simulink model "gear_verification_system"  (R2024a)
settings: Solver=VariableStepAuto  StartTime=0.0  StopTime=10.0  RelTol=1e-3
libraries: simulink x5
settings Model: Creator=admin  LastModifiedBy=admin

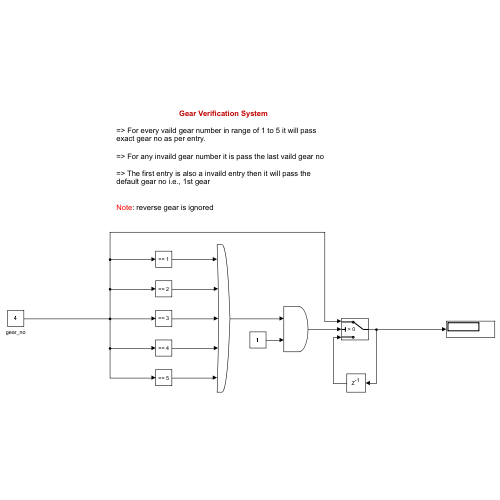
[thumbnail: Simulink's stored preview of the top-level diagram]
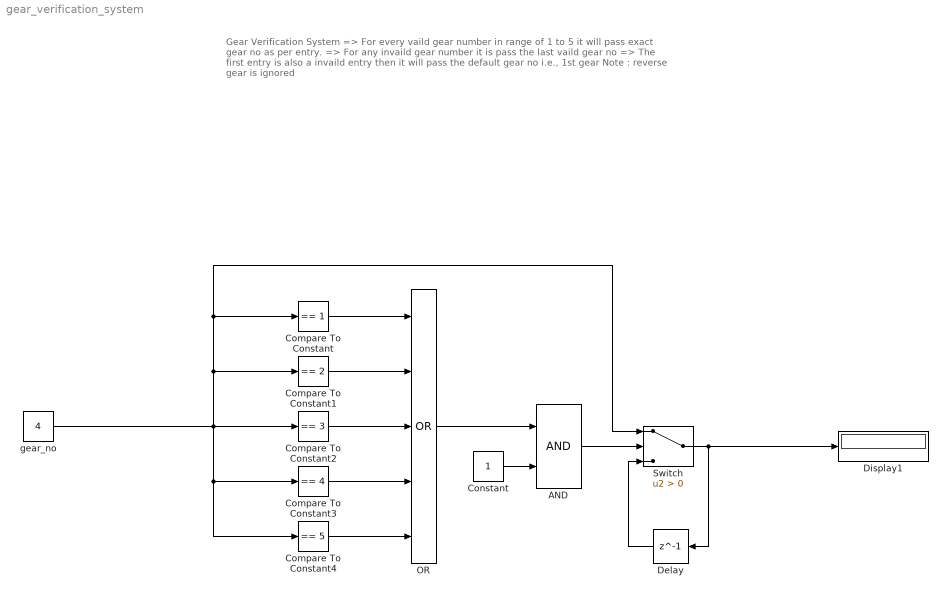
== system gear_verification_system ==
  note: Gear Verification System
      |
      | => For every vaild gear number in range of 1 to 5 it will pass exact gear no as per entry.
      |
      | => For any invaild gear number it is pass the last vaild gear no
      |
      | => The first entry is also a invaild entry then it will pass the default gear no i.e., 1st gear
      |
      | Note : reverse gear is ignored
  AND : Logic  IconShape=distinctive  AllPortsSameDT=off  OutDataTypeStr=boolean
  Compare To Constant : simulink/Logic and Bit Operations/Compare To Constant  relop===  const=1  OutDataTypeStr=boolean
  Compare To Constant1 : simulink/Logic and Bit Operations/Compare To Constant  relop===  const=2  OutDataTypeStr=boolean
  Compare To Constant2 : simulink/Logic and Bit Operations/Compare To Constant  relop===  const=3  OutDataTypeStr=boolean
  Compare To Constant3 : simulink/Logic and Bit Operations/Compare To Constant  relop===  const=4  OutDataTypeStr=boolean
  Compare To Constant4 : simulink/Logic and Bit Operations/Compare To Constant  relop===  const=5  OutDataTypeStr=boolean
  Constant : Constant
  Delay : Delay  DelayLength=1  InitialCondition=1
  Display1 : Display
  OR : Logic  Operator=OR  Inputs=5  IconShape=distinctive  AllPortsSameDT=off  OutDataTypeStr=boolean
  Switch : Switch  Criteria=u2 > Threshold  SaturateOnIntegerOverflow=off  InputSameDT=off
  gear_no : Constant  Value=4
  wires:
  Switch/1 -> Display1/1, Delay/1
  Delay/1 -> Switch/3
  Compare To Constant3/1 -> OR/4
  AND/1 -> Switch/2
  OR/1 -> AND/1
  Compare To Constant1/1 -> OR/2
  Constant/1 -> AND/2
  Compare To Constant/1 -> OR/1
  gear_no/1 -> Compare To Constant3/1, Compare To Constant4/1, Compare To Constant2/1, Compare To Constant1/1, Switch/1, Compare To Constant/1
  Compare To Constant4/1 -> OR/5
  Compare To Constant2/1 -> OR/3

- _Instructions for the task_
Could you retype all the entries above exactly, without the pictures?

- _Answer to the exercise_
simulink model "gear_verification_system"  (R2024a)
settings: Solver=VariableStepAuto  StartTime=0.0  StopTime=10.0  RelTol=1e-3
libraries: simulink x5
settings Model: Creator=admin  LastModifiedBy=admin

[thumbnail: Simulink's stored preview of the top-level diagram]
== system gear_verification_system ==
  note: Gear Verification System
      |
      | => For every vaild gear number in range of 1 to 5 it will pass exact gear no as per entry.
      |
      | => For any invaild gear number it is pass the last vaild gear no
      |
      | => The first entry is also a invaild entry then it will pass the default gear no i.e., 1st gear
      |
      | Note : reverse gear is ignored
  AND : Logic  IconShape=distinctive  AllPortsSameDT=off  OutDataTypeStr=boolean
  Compare To Constant : simulink/Logic and Bit Operations/Compare To Constant  relop===  const=1  OutDataTypeStr=boolean
  Compare To Constant1 : simulink/Logic and Bit Operations/Compare To Constant  relop===  const=2  OutDataTypeStr=boolean
  Compare To Constant2 : simulink/Logic and Bit Operations/Compare To Constant  relop===  const=3  OutDataTypeStr=boolean
  Compare To Constant3 : simulink/Logic and Bit Operations/Compare To Constant  relop===  const=4  OutDataTypeStr=boolean
  Compare To Constant4 : simulink/Logic and Bit Operations/Compare To Constant  relop===  const=5  OutDataTypeStr=boolean
  Constant : Constant
  Delay : Delay  DelayLength=1  InitialCondition=1
  Display1 : Display
  OR : Logic  Operator=OR  Inputs=5  IconShape=distinctive  AllPortsSameDT=off  OutDataTypeStr=boolean
  Switch : Switch  Criteria=u2 > Threshold  SaturateOnIntegerOverflow=off  InputSameDT=off
  gear_no : Constant  Value=4
  wires:
  Switch/1 -> Display1/1, Delay/1
  Delay/1 -> Switch/3
  Compare To Constant3/1 -> OR/4
  AND/1 -> Switch/2
  OR/1 -> AND/1
  Compare To Constant1/1 -> OR/2
  Constant/1 -> AND/2
  Compare To Constant/1 -> OR/1
  gear_no/1 -> Compare To Constant3/1, Compare To Constant4/1, Compare To Constant2/1, Compare To Constant1/1, Switch/1, Compare To Constant/1
  Compare To Constant4/1 -> OR/5
  Compare To Constant2/1 -> OR/3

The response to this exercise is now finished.